Top of TASK DATA

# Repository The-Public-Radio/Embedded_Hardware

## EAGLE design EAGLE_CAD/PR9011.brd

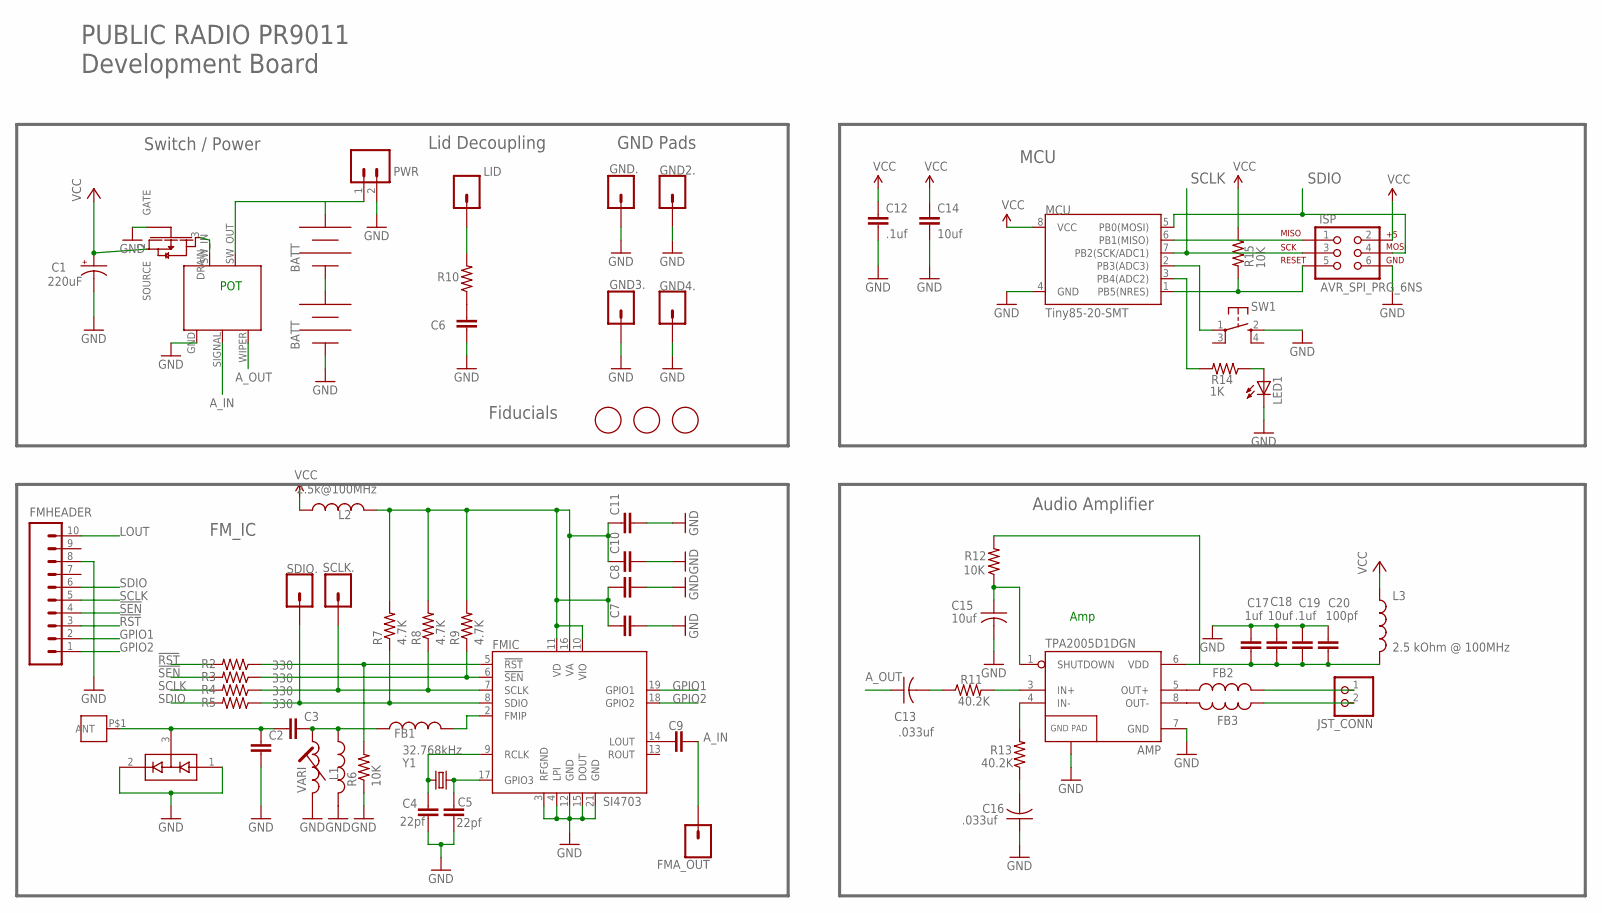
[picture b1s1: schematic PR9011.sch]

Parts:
AMP: TPA2005D1DGN; POWER-SOP8
C1: 220uF; PANASONIC_C
C2, C3, C7, C9: 1.0uF; 0805
C4, C5: 22pf; 0805
C6: CAP0805; 0805
C8: .1uF; 0805
C10: 22nF; 0805
C11: 4.7uF; 0805
C12, C19: .1uf; 0805
C13, C16: .033uf; C0603
C14, C18: 10uf; 0805
C15: 10uf; C0603
C17: 1uf; 0805
C20: 100pf; 0805
D1: BAV99; SOT23-3
FB1, FB2, FB3: INDUCTOR0805; 0805
FET1: SI2333DDS
FMA_OUT: M01PTH; 1X01
FMHEADER: M10LOCK; 1X10_LOCK
FMIC: SI4703; SPARKFUN_SI470X
GND2., GND3., GND4., GND.: M01PTH; 1X01
ISP: AVR_SPI_PRG_6NS; 2X3-NS
J1: M3_SCREW_POST
JP5, JP6: BK-92_MPD_AA_BATT_CLIP
JST_CONN: JST_2PIN-SMT-RA; JST-PH-2-SMT-RA
L1: INDUCTOR0805; 0805
L2: 2.5k@100MHz; 0603
L3: 2.5 kOhm @ 100MHz; 0603
LED1: LEDSML0603; SML0603
LID: M01PTH; 1X01
MCU: Tiny85-20-SMT; SO08-EIAJ
PWR: M02PTH3; 1X02_LONGPADS
R1: RV170SF_TAIWANA_POT_SW
R2, R3, R4, R5: 330; 0805
R6: 10K; 0805
R7, R8, R9: 4.7K; 0805
R10: RESISTOR0805-RES; 0805
R11, R13: 40.2K; R0603
R12, R15: 10K; R0603
R14: 1K; R0603
SCLK.: M01PTH; 1X01
SDIO.: M01PTH; 1X01
SW1: SPST_TACT-KMR2; KMR2
U$1, U$2, U$4: FIDUCIAL; FIDUCIAL_1MM
VARI: L-TRIM; 146/150
Y1: 32.768kHz; CRYSTAL-32KHZ-SMD

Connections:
3.3V: C7.1, C8.1, C10.1, C11.1, FMIC.10 (VIO), FMIC.11 (VD), FMIC.16 (VA), L2.2, R7.2, R8.2, R9.2
!RST-L: FMIC.5 (!RST), R2.1, R6.2
!SEN: FMHEADER.4, R3.2
!SEN-L: FMIC.6 (!SEN), R3.1, R9.1
A_IN: C9.2, FMA_OUT.1, R1.SIGNAL
A_OUT: C13.1, R1.WIPER
GND: AMP.7 (GND), AMP.9 (GND), C1.-, C2.2, C4.2, C5.2, C6.2, C7.2, C8.2, C10.2, C11.2, C12.2, C14.2, C15.2, C16.1, C17.1, C18.1, C19.1, C20.1, D1.1 (A1), D1.2 (C2), FET1.1 (GATE), FMHEADER.8, FMIC.3 (RFGND), FMIC.4 (LPI), FMIC.12 (GND), FMIC.15 (DOUT), FMIC.21 (GND), GND2..1, GND3..1, GND4..1, GND..1, ISP.6, JP6.NEG, JP6.NEG@2 (NEG), L1.2, LED1.C, MCU.4 (GND), PWR.2, R1.GND, R6.1, SW1.2 (S), VARI.P$1 (START)
GPIO1: FMHEADER.2, FMIC.19 (GPIO1)
GPIO2: FMHEADER.1, FMIC.18 (GPIO2)
LOUT: C9.1, FMHEADER.10, FMIC.14 (LOUT)
unnamed: C4.1, FMIC.9 (RCLK), Y1.X2 (2)
unnamed: C5.1, FMIC.17 (GPIO3), Y1.X1 (1)
unnamed: C13.2, R11.1
unnamed: AMP.3 (IN+), R11.2
unnamed: AMP.4 (IN-), R13.2
unnamed: FB1.2, FMIC.2 (FMIP)
unnamed: LED1.A, R14.1
unnamed: LID.1, R10.2
unnamed: FB2.2, JST_CONN.1 (2)
unnamed: MCU.2 (PB3(ADC3)), SW1.1
unnamed: MCU.3 (PB4(ADC2)), R14.2
unnamed: JP5.NEG, JP5.NEG@2 (NEG), JP6.POS, JP6.POS@2 (POS)
unnamed: C2.1, C3.1, D1.3 (COM), J1.P$1
unnamed: JP5.POS, JP5.POS@2 (POS), PWR.1, R1.SW_OUT
unnamed: C3.2, FB1.1, L1.1, VARI.P$2 (END)
unnamed: AMP.8 (OUT-), FB3.2
unnamed: AMP.6 (VDD), C17.2, C18.2, C19.2, C20.2, L3.2, R12.2
unnamed: AMP.5 (OUT+), FB2.1
unnamed: AMP.1 (SHUTDOWN), C15.1, R12.1
unnamed: C16.2, R13.1
unnamed: FET1.3 (DRAIN), R1.SW_IN
unnamed: C6.1, R10.1
OUT-: FB3.1, JST_CONN.2 (1)
PB5: ISP.5, MCU.1 (PB5(NRES)), R15.2
SCLK: FMHEADER.5, ISP.3, MCU.7 (PB2(SCK/ADC1)), R4.2
SCLK-L: FMIC.7 (SCLK), R4.1, R8.1, SCLK..1
SDIO: FMHEADER.6, ISP.4, MCU.5 (PB0(MOSI)), R5.2
SDIO-L: FMIC.8 (SDIO), R5.1, R7.1, SDIO..1
VCC: C1.+, C12.1, C14.1, FET1.2 (SOURCE), ISP.2, L2.1, L3.1, MCU.8 (VCC), R15.1

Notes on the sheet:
Amp
POT
FM_IC
Switch / Power
Lid Decoupling
Audio Amplifier
MCU
PUBLIC RADIO PR9011 Development Board
GND Pads
Fiducials

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
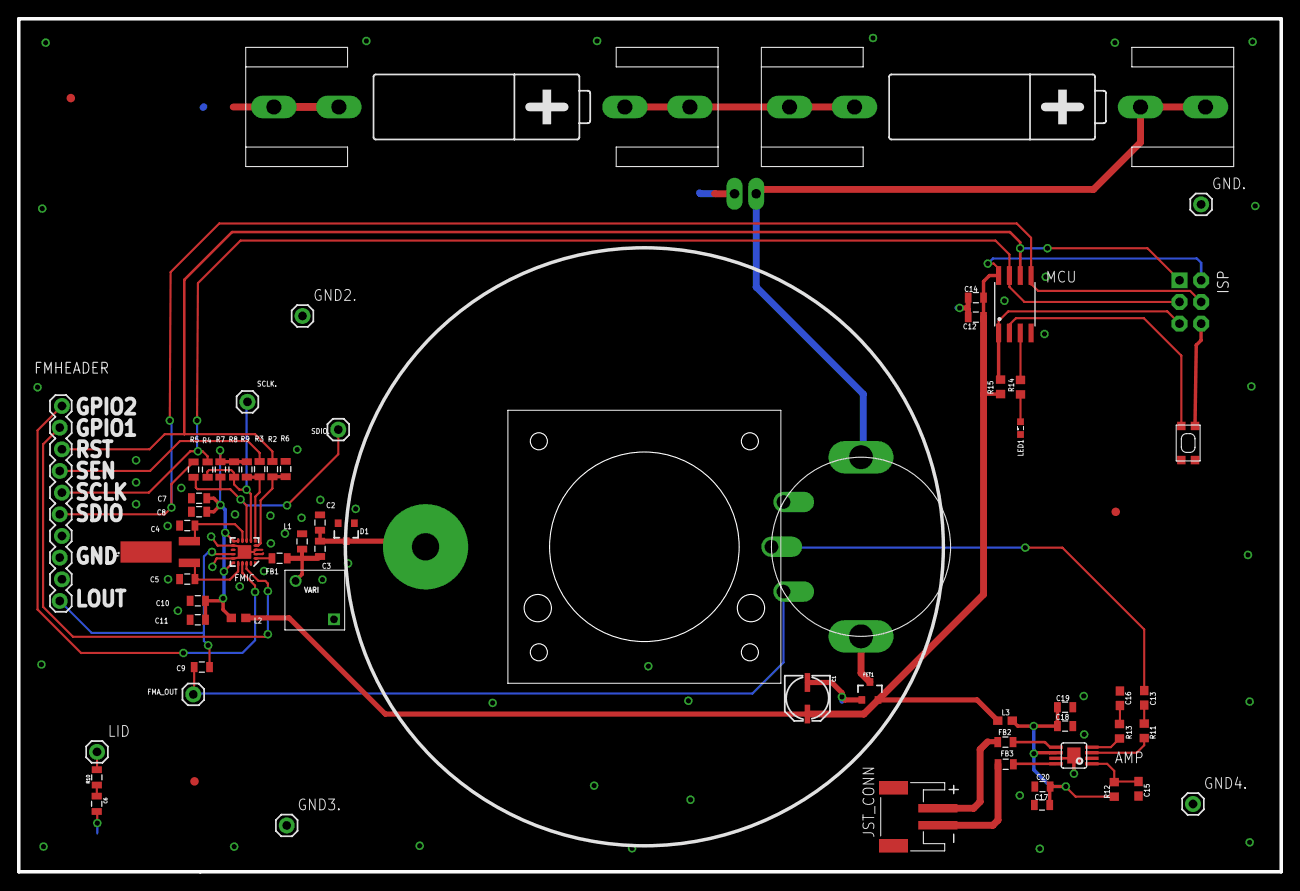
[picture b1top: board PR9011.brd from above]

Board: 2 copper layers, 148.0 x 100.0 mm, 69 parts (0 on the bottom side), 40 nets.

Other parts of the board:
SPEAKER: CE32A_FOR_JST

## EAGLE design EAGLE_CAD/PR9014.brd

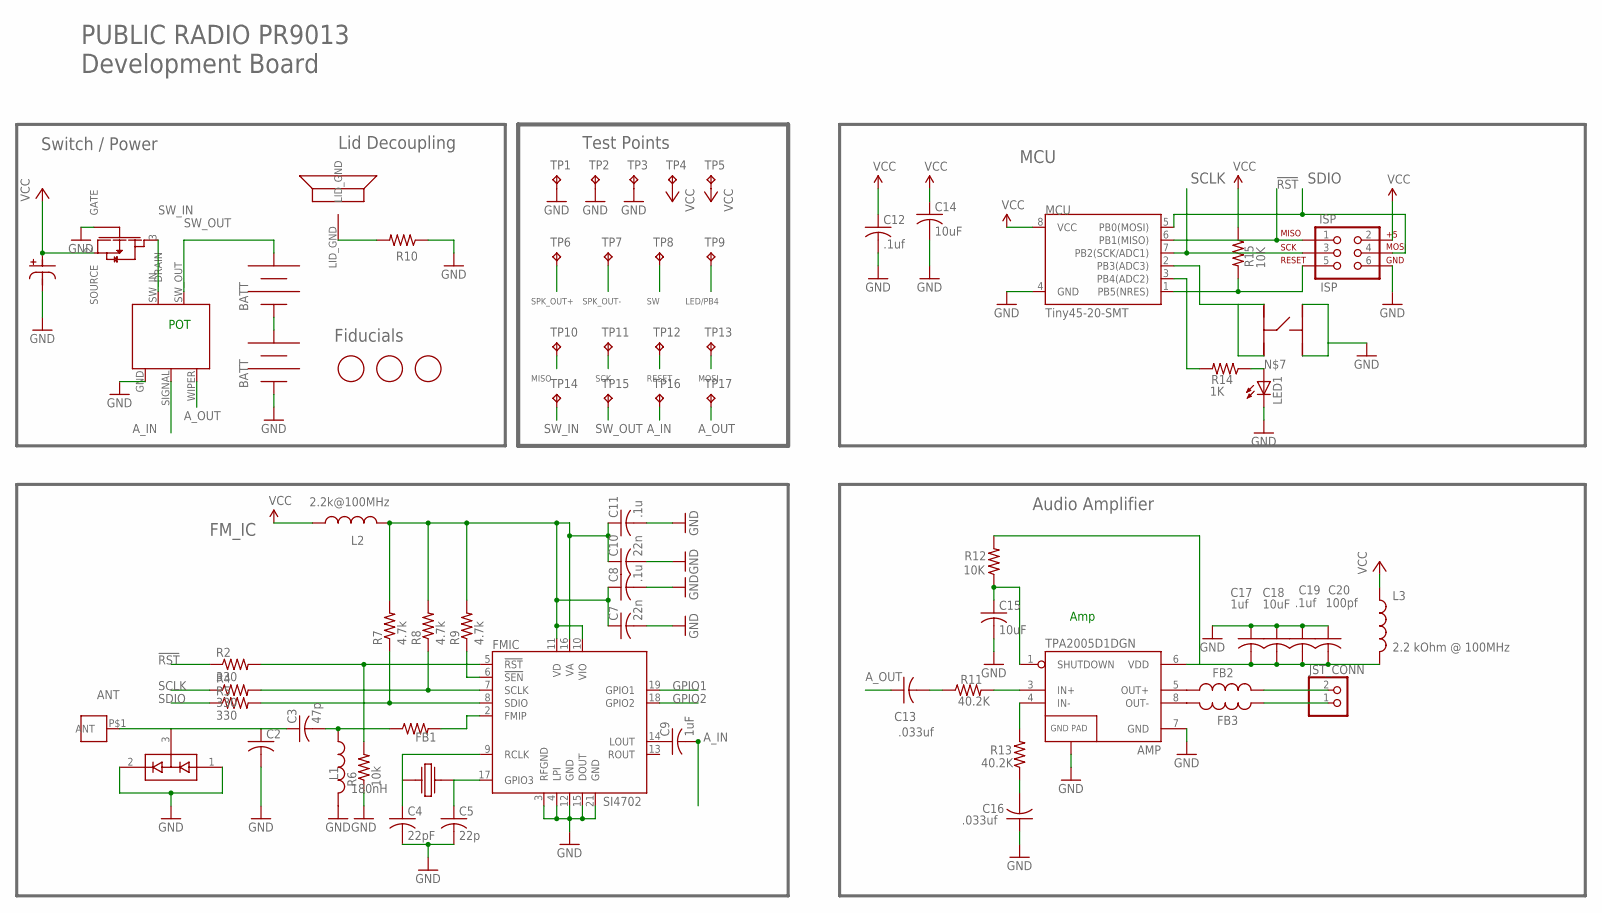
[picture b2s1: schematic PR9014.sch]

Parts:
AMP: TPA2005D1DGN; POWER-SOP8
C1: 220uF; NICHICON_SERIESUD
C2: C-USC0402; C0402
C3: 47p; C0402
C4: 22pF; C0402
C5: 22p; C0402
C7, C10: 22n; C0402
C8, C11: .1u; C0402
C9: 1uF; C0402
C12, C19: .1uf; C0402
C13, C16: .033uf; C0402
C14, C15, C18: 10uF; C0603
C17: 1uf; C0402
C20: 100pf; C0402
D1: BAV99; SOT23
FB1: R-US_R0402; R0402
FB2, FB3: INDUCTOR0805; 0805
FET2: AO3435
FMIC: SI4702; SI470X
ISP: ISP; 2X3-NS
J1: M3_SCREW_POST
JP5, JP6: BK-92_MPD_AA_BATT_CLIP
JST_CONN: JST_2PIN-SMT-RA; JST-PH-2-SMT-RA
L1: 180nH; 0805
L2: 2.2k@100MHz; C0402
L3: 2.2 kOhm @ 100MHz; C0402
LED1: LEDSML0603; SML0603
MCU: Tiny45-20-SMT; SO08-EIAJ
R1: RV170SF_TAIWANA_POT_SW
R2, R4, R5: 330; R0402
R6: 10k; R0402
R7, R8, R9: 4.7k; R0402
R10: R-US_R0805; R0805
R11, R13: 40.2K; R0402
R12, R15: 10K; R0402
R14: 1K; R0402
SW1: C&K_PTS645; C&K_TACTILE_SWITCH
TP1, TP2, TP3, TP4, TP5, TP6, TP7, TP8, TP9, TP10, TP11, TP12, TP13, TP14, TP15, TP16, TP17: TPTP20R; TP20R
U$1: CE32A_FOR_JST
U$3, U$4, U$5: FIDUCIAL; FIDUCIAL_1MM
U$6: ABS25XTAL

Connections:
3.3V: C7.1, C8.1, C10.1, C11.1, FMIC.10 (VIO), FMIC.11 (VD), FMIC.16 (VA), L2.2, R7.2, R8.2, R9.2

Bottom of TASK DATA

# [TASK DETAILS]
Reprint exactly the lines above that start at the one with "SDIO.: M01PTH; 1X01" and end at the one with "A_OUT: C13.1, R1.WIPER", keeping both and adding none.

# [OUTPUT OF THE EXERCISE]
SDIO.: M01PTH; 1X01
SW1: SPST_TACT-KMR2; KMR2
U$1, U$2, U$4: FIDUCIAL; FIDUCIAL_1MM
VARI: L-TRIM; 146/150
Y1: 32.768kHz; CRYSTAL-32KHZ-SMD

Connections:
3.3V: C7.1, C8.1, C10.1, C11.1, FMIC.10 (VIO), FMIC.11 (VD), FMIC.16 (VA), L2.2, R7.2, R8.2, R9.2
!RST-L: FMIC.5 (!RST), R2.1, R6.2
!SEN: FMHEADER.4, R3.2
!SEN-L: FMIC.6 (!SEN), R3.1, R9.1
A_IN: C9.2, FMA_OUT.1, R1.SIGNAL
A_OUT: C13.1, R1.WIPER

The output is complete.